Examples at the corporate level would include Zipcar of course, which enables all the idle capacity of cars to be put to good use through its technology platform that makes sharing cars fast, easy, convenient, and cost-effective. Last year I visited Siemens New York office where the bulk of floor space has been turned over to cubicles that are not owned by any one person, but rather used as needed by its nomadic workforce that shows up in New York only periodically – dramatically reducing the amount of office space needed if each one of its employees had their own office. The unexpected benefits of open platforms abound — users can innovate, or point the way for innovation (see for a new way of thinking).

And at an individual and household level, what can we lend and what can we borrow? What can we buy used, and what can we make sure we put back into the marketplace? Think of eBay as collaborative consumption.

This way of thinking isn’t bad for the economy. Remember that our starting point is that everyone is going to spend as much as they have to spend. We – families, companies, governments — all have so much we want to accomplish with such limited financial resources that the most logical, rational, profitable, and self-interested thing to do is to spend it as efficiently as we can: maximizing the benefit of each dollar spent, while minimizing the resource consumption. Since we know we are going to spend every cent, let’s get the most possible value out of that spending.

Think of our times. Cooperative capitalism is not just an interesting approach, it is an imperative.

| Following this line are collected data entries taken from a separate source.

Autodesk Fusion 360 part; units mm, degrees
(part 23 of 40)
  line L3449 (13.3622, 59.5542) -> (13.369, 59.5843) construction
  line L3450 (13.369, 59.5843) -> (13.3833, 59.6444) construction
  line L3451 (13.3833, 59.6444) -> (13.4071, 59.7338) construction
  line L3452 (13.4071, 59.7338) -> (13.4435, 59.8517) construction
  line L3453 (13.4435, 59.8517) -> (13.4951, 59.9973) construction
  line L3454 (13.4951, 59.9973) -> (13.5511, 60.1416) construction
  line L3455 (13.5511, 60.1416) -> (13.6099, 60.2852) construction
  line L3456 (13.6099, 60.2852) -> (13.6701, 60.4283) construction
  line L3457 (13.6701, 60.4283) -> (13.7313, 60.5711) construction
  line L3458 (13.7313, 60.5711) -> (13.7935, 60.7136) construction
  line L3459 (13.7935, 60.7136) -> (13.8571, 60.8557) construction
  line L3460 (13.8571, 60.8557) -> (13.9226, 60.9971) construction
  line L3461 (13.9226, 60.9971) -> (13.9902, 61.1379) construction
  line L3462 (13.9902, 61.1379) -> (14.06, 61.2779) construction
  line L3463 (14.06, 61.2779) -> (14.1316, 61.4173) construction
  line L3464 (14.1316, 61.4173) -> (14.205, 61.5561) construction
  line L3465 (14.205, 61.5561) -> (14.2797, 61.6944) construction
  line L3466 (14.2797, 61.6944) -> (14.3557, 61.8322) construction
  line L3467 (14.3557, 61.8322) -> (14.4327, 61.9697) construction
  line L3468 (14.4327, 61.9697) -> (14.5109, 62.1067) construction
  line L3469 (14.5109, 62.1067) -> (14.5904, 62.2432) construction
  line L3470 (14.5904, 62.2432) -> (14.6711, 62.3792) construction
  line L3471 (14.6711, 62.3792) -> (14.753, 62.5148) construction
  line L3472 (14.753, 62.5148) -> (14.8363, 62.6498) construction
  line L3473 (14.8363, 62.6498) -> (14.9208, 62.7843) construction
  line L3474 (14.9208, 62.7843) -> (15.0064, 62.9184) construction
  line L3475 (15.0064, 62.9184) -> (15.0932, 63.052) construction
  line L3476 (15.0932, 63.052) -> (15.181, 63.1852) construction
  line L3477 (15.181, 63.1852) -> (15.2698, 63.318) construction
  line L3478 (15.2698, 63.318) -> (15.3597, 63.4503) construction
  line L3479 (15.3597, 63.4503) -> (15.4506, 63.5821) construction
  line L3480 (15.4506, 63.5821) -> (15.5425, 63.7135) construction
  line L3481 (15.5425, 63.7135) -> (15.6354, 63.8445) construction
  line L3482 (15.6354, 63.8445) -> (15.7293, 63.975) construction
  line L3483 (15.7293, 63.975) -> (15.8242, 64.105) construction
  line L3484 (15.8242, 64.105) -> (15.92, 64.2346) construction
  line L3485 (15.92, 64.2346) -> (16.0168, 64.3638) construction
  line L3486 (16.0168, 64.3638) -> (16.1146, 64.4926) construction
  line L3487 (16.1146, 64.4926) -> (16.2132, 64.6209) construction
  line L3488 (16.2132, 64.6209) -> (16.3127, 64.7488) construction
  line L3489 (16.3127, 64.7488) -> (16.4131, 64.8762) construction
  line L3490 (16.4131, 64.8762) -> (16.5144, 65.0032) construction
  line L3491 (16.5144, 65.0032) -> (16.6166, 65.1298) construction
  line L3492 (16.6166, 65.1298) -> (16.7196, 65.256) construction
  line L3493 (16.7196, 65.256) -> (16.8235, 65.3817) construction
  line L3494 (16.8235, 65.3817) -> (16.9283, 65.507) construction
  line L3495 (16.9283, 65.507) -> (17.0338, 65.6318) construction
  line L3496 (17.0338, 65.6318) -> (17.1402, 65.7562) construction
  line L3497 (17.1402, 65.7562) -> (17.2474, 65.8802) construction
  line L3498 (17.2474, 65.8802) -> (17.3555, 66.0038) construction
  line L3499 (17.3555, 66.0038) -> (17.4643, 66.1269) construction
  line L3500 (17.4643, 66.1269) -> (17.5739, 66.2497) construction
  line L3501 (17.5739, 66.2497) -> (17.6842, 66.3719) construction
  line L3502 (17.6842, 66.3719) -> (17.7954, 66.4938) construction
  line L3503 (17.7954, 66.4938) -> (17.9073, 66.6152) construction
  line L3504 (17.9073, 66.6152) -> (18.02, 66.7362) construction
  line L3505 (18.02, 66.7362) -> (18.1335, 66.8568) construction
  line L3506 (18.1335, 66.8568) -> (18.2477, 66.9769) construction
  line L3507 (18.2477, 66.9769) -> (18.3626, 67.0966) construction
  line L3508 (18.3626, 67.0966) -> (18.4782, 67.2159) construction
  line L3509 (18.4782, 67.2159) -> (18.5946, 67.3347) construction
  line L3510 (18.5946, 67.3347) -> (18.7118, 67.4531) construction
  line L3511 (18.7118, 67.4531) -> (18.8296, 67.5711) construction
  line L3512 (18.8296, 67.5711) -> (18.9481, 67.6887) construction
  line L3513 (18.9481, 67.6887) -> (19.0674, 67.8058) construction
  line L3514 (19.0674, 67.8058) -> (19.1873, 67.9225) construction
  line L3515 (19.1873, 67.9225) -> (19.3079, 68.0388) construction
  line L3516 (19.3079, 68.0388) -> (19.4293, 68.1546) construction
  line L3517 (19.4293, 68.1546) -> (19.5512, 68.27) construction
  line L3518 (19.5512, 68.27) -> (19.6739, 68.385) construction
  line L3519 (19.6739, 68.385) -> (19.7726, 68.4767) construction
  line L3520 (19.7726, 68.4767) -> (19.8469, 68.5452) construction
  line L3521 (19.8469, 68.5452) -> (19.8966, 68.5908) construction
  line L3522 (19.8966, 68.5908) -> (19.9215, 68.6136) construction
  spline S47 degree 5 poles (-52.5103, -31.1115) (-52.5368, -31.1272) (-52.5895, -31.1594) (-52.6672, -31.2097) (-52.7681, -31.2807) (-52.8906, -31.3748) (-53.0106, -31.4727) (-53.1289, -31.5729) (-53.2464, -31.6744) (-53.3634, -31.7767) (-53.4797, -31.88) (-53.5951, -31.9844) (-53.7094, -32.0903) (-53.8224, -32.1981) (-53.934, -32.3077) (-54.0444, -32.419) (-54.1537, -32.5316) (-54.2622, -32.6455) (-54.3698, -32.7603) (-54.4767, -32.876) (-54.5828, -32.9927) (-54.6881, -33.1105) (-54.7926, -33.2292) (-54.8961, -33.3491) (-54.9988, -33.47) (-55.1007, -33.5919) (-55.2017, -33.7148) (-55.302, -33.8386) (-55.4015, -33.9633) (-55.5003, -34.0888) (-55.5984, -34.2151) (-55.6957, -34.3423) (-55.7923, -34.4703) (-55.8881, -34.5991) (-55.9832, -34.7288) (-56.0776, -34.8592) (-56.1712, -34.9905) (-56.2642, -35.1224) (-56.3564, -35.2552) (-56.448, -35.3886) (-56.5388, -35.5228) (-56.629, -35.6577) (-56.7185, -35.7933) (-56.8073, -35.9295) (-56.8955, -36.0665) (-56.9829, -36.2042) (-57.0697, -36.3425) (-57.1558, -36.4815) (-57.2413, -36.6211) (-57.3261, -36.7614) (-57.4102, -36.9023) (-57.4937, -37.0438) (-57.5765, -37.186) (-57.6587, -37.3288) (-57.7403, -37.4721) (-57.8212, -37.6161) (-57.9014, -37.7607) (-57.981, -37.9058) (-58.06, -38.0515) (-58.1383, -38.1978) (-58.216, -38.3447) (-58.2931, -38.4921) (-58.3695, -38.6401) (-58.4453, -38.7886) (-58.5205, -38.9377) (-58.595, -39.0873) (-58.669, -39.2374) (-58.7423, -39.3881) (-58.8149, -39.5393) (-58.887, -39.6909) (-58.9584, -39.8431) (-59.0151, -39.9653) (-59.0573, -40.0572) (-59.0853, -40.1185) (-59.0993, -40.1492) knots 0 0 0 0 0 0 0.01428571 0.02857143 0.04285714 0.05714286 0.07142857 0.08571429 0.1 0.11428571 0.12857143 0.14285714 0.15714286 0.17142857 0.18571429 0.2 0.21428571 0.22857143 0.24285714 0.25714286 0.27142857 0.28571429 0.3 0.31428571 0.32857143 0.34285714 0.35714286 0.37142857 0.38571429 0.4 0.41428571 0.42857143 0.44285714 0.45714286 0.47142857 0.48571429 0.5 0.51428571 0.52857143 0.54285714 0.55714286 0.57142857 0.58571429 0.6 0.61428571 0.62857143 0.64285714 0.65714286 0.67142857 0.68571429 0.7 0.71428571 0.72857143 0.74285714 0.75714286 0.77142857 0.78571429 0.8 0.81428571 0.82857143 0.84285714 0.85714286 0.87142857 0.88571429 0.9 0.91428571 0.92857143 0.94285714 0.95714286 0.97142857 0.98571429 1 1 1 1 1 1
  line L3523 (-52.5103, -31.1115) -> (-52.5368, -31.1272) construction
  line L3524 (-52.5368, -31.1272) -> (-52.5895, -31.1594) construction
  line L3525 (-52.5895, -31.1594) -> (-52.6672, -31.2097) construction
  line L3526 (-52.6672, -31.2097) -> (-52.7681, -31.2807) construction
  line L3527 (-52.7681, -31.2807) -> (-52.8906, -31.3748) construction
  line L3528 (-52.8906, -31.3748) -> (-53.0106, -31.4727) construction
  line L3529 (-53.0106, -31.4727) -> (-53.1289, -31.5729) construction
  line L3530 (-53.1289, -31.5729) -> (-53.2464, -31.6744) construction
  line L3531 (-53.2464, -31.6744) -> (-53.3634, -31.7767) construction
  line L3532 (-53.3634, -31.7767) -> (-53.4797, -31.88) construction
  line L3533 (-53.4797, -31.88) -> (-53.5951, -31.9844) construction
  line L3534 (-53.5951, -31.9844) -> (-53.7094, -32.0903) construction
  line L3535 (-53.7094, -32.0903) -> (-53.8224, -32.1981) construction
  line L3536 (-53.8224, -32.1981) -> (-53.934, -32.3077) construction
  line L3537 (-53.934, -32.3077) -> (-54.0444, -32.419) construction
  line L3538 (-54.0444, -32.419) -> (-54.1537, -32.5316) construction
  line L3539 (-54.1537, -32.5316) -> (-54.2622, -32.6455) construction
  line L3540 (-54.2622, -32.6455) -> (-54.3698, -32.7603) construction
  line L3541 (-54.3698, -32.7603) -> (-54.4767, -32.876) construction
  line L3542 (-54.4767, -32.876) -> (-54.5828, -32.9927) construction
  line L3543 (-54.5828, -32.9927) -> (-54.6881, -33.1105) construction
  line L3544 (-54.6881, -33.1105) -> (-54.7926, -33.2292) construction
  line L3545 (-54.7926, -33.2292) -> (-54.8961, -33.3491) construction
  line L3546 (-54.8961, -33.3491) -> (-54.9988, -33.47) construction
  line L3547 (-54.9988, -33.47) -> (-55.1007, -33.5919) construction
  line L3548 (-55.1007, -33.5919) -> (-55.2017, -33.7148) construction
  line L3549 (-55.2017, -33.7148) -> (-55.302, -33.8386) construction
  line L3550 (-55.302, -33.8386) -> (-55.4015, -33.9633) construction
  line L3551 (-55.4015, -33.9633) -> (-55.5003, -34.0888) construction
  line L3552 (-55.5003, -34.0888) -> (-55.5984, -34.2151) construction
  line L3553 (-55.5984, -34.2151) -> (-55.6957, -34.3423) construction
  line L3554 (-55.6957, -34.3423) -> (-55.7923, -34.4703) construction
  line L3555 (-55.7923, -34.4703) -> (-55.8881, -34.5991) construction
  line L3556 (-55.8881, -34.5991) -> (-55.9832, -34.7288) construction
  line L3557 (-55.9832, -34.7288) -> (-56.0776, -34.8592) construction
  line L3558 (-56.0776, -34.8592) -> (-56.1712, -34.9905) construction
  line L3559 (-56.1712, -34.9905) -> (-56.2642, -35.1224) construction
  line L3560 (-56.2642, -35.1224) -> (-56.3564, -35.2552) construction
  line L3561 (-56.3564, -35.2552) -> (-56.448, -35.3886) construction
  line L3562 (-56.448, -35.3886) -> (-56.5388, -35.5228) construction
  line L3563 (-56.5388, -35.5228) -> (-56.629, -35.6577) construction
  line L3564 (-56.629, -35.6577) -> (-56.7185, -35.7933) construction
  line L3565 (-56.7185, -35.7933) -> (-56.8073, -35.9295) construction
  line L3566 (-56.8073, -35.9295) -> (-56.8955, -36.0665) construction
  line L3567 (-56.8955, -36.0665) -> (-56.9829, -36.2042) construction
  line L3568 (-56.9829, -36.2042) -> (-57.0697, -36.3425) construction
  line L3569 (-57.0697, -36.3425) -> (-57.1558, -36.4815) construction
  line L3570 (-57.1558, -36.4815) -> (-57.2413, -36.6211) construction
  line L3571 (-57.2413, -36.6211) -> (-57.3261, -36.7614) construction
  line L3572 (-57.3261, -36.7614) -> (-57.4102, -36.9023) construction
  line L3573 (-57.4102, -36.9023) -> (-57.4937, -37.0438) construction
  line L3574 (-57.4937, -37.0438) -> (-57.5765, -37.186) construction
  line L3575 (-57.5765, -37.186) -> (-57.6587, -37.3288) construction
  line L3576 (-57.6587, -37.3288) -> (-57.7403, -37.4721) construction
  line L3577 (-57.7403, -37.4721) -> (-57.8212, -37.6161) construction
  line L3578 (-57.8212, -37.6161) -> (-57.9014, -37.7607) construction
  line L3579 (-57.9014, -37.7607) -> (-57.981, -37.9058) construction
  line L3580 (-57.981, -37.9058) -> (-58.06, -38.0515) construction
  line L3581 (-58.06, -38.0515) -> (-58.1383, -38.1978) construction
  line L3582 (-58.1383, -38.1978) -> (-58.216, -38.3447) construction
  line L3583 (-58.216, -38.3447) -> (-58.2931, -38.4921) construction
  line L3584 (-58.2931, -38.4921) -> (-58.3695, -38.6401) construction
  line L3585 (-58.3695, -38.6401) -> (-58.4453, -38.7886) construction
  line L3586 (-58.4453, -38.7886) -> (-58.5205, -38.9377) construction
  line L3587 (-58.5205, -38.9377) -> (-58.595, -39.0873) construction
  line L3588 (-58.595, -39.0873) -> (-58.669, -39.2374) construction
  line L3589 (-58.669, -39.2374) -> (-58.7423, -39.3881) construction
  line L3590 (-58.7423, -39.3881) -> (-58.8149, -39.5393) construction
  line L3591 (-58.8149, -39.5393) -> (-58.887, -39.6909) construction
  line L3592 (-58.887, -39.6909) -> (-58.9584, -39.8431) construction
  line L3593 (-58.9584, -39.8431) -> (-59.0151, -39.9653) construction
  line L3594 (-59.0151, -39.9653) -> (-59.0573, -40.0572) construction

Blog posts are supposed to be short and to the point – that is satisfied by the above. For a little more background on why the current financial crises leads me to move from thinking that these are just interesting ideas, to a much stronger concept of “imperative,” read on.

We are living in a world of very precarious revenue sources at all levels of the economy – household, corporate, and governmental. Americans are at their lowest savings rate since the 1930s. In August, the GAO estimated the 2008 Federal deficit to be $410b, 3% of the GDP. The addition of the $700 billion bailout has the potential to double this to 6%. On October 1, our national debt passed $10 trillion dollars (that’s a 1 followed by an unlucky 13 zeroes).

And yet, despite our incredibly tight – and shrinking – budgets, we face spending imperatives of unparalleled proportions. In the US, the explosive highway and infrastructure building of the 1940s-1970s, are now meeting the end of their 30-50 year anticipated life spans. We have much rebuilding to do, just to stay even, and we have much new building needed to accommodate our growing population and 21st century transportation and communication needs.

We have an energy and climate crisis, that demand we rethink, retool, and build anew our power plants, our factories, our office, our stores, our homes, and our travel patterns. We have a broken healthcare system that without a fix will swallow the budgets of business and government, and then, despite those expenditures, leave many uninsured.

And of course, we Americans live in a world of 6.3 billion people, rising rapidly to 9 billion. And we all know this world cannot sustain the current use patterns many ‘enjoy’ if applied to everyone.

A friend of mine, Juan Enriquez, just gave his 20 minute analysis and prescription last week at PopTech, on the need for the next administration to start a program of austerity. He gives a compelling argument and has some nice visuals. And last week, Bruce Nussbaum blogged for Businessweek an opinion piece called “Zipcar Capitalism, a new economic model?,” an approach the author says he will bring with him to the World Economic Forum this week in Dubai. Both of these argument are running down the same path I am.